- YOUR INSTRUCTIONS
In the data below, one line contains "arc A2644 (64.095, 22.2885)" and a later one contains "arc A2646 (61.7855, 27.5272)". Print both, with every line between them, exactly and alone.
### WORKING DATA
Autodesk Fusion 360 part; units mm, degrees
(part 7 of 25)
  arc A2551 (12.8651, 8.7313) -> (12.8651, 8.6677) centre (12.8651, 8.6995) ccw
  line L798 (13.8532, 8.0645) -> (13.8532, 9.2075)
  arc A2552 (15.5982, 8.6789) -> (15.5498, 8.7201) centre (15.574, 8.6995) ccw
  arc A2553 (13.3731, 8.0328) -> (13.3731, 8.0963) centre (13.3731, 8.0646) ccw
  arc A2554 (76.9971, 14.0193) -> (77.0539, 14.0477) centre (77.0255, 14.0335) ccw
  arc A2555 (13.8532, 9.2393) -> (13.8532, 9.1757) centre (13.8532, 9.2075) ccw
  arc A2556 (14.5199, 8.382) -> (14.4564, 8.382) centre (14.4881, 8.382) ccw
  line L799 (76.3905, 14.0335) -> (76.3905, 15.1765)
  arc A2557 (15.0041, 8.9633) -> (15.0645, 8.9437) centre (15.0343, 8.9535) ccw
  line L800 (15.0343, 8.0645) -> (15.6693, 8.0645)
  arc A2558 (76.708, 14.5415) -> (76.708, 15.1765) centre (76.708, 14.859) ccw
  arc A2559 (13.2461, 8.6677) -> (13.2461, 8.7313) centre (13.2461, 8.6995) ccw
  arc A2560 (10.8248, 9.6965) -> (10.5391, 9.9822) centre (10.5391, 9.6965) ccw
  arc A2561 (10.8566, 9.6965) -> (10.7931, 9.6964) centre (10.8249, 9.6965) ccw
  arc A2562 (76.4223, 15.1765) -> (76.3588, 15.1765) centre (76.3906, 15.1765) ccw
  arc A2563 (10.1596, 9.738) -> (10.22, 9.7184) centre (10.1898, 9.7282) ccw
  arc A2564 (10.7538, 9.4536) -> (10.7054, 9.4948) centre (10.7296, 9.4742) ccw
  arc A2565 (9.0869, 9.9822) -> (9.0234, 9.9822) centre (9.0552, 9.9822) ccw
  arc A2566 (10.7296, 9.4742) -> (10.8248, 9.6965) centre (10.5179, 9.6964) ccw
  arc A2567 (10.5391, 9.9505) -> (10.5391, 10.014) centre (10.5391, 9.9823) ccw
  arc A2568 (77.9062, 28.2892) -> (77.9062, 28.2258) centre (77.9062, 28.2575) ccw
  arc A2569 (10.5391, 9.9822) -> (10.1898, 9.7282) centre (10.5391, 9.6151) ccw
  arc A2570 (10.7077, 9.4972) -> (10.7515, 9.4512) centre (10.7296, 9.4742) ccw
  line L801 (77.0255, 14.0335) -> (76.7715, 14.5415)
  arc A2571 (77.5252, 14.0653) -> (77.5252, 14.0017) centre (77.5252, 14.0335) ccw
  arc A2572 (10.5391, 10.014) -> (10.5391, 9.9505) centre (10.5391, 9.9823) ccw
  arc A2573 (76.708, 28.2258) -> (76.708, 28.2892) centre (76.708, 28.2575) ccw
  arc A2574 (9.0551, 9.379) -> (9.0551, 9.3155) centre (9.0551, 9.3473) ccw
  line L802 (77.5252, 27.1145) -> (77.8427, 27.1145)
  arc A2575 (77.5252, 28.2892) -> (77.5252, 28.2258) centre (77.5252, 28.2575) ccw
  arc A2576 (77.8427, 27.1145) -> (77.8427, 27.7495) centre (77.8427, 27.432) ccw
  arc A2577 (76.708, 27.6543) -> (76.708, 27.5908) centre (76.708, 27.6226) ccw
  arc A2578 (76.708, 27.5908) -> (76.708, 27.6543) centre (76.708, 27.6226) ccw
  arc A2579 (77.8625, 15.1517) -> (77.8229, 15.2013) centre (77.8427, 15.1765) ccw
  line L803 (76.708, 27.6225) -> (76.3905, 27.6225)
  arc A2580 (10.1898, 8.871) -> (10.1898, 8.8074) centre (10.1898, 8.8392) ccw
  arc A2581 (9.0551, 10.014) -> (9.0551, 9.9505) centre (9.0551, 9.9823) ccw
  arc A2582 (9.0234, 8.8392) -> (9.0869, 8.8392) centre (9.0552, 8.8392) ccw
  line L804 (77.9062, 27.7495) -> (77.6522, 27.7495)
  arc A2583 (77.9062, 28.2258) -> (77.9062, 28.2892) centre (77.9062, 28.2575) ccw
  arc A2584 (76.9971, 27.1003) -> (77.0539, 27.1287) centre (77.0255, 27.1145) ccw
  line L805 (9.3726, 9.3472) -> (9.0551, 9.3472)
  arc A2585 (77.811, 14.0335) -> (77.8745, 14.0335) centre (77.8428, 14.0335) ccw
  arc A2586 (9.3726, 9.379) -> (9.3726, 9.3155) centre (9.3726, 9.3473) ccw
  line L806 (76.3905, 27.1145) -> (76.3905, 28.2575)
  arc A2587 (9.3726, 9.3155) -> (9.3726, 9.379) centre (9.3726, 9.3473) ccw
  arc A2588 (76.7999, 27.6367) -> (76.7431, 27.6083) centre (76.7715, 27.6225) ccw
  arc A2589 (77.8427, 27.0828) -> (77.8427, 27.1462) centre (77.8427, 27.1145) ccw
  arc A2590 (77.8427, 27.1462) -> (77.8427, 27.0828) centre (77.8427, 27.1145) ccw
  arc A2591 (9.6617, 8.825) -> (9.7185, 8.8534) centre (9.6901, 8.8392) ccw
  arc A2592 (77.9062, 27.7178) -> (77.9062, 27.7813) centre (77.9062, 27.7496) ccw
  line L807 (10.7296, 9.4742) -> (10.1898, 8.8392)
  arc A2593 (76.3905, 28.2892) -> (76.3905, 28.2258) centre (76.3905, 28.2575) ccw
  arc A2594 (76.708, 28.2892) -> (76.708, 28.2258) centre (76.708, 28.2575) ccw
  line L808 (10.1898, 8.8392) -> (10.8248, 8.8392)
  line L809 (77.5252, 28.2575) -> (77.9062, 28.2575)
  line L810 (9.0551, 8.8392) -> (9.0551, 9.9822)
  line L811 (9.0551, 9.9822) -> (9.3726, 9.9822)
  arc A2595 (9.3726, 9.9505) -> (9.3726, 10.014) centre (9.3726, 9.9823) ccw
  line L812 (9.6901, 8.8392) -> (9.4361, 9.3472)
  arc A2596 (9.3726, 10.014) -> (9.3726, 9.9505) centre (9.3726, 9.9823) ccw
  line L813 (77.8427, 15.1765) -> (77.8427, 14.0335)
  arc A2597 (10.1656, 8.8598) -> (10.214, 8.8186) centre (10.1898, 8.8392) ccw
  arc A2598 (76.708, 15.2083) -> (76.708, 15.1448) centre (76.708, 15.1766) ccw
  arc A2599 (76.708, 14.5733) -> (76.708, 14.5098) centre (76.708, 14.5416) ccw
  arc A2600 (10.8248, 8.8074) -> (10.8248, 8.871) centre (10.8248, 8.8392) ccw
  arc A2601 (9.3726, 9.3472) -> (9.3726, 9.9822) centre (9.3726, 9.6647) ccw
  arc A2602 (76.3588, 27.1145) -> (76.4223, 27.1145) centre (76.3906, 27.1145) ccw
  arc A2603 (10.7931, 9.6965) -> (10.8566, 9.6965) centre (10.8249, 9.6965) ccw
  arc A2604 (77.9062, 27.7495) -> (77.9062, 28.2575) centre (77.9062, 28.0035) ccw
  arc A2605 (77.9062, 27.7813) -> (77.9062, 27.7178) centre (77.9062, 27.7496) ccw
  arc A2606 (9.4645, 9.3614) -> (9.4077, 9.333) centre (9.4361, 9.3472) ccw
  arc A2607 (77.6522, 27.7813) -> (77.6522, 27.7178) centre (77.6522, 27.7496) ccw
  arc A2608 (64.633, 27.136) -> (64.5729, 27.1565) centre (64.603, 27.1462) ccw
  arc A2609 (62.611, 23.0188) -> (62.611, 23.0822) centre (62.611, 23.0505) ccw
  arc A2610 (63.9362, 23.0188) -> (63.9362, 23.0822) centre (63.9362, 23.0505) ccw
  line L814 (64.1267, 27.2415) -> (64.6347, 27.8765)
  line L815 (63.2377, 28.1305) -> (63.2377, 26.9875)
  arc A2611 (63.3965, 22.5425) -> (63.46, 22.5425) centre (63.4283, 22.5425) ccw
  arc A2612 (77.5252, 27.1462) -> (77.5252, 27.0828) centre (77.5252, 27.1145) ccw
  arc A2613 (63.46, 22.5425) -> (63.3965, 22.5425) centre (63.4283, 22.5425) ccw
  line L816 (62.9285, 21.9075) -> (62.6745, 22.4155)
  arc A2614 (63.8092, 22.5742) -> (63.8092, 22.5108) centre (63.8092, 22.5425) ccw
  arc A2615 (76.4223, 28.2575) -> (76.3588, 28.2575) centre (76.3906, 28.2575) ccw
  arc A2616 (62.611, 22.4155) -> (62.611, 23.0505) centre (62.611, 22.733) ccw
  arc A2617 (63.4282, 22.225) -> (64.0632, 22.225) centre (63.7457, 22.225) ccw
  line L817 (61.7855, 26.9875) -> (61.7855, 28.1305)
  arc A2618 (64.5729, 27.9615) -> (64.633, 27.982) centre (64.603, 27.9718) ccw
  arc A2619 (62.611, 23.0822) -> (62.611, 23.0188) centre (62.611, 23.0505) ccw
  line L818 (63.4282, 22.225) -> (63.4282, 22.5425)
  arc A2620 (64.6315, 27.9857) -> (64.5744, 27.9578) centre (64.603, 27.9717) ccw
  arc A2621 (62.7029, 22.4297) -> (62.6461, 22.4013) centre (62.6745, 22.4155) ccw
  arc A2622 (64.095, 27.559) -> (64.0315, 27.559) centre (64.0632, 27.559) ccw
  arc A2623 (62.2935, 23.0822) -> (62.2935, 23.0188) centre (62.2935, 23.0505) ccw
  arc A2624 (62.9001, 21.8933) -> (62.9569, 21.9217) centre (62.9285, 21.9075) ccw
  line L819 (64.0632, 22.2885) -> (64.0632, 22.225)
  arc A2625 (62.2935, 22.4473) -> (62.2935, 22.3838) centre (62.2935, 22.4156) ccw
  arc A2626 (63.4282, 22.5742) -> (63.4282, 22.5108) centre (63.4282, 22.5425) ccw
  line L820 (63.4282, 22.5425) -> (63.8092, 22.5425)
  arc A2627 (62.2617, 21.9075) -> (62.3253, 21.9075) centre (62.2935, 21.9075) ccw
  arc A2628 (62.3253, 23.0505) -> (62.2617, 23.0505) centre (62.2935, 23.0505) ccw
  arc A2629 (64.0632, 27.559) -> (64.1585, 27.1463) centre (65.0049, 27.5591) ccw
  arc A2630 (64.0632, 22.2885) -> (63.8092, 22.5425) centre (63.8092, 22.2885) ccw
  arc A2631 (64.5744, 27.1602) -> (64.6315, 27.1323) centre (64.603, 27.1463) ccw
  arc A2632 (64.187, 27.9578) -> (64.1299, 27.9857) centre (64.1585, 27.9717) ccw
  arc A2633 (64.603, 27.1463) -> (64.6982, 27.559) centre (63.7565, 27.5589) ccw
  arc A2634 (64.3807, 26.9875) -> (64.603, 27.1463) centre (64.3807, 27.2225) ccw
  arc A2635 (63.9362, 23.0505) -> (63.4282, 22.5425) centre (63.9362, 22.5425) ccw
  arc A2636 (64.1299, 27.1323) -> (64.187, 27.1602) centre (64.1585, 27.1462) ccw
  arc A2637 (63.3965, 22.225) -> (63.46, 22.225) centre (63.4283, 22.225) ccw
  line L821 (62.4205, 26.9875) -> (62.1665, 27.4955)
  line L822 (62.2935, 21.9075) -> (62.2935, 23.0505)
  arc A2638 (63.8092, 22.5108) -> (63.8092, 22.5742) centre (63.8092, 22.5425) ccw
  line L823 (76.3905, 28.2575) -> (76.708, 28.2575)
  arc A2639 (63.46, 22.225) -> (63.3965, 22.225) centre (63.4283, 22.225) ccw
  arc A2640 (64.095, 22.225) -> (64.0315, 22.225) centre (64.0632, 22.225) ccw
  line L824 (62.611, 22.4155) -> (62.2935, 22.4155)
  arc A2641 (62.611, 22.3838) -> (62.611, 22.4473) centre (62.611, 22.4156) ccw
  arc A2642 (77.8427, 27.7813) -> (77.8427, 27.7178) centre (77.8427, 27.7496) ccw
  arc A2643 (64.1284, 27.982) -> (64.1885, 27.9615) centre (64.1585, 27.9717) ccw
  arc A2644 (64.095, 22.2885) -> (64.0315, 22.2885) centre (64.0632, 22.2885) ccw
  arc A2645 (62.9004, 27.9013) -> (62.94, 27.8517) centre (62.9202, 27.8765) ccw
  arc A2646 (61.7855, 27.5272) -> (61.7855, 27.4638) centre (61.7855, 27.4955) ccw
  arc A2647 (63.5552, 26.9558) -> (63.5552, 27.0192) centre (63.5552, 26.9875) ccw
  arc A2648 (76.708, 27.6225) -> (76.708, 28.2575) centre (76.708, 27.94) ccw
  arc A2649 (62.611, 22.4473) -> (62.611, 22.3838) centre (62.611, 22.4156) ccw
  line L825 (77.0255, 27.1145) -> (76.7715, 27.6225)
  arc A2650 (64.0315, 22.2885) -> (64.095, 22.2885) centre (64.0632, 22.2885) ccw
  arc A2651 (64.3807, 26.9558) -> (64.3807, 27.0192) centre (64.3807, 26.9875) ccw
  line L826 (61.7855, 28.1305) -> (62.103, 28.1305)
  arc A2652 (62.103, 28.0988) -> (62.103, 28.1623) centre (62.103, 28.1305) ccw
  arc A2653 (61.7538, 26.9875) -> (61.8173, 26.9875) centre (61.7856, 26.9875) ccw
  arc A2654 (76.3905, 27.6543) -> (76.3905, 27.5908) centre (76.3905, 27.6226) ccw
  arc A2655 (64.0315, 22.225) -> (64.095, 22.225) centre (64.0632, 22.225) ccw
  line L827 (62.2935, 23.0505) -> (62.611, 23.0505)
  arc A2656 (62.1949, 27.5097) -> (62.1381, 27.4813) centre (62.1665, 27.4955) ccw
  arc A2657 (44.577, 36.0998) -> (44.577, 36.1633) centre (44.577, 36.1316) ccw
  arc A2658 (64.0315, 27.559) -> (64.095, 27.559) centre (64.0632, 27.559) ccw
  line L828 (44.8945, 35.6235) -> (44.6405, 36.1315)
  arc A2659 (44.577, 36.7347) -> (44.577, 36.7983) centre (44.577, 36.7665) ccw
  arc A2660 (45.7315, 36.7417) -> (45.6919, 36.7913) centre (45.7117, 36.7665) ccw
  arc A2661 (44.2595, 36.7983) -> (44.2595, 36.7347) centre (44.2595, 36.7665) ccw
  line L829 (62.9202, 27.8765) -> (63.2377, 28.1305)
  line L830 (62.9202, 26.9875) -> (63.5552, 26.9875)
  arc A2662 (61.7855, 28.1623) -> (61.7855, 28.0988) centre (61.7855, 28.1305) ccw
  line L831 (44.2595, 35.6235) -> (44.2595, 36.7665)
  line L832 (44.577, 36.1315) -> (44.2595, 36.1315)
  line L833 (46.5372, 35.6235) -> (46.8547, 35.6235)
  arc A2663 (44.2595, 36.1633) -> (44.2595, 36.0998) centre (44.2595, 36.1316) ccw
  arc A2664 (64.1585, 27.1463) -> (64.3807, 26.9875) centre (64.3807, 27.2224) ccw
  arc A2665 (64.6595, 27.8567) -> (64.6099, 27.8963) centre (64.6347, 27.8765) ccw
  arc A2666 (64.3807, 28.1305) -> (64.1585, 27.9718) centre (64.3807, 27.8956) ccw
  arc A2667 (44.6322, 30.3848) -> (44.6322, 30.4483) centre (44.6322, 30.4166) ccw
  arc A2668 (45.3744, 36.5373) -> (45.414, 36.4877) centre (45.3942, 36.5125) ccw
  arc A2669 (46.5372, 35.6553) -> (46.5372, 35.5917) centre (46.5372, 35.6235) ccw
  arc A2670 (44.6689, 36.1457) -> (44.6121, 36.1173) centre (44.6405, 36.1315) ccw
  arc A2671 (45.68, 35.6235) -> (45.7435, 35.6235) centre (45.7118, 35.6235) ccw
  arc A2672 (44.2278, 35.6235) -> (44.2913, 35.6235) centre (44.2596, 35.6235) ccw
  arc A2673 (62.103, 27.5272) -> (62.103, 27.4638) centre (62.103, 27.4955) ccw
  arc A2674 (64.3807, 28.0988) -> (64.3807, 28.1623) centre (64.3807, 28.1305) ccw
######
- EXPECTED OUTPUT
  arc A2644 (64.095, 22.2885) -> (64.0315, 22.2885) centre (64.0632, 22.2885) ccw
  arc A2645 (62.9004, 27.9013) -> (62.94, 27.8517) centre (62.9202, 27.8765) ccw
  arc A2646 (61.7855, 27.5272) -> (61.7855, 27.4638) centre (61.7855, 27.4955) ccw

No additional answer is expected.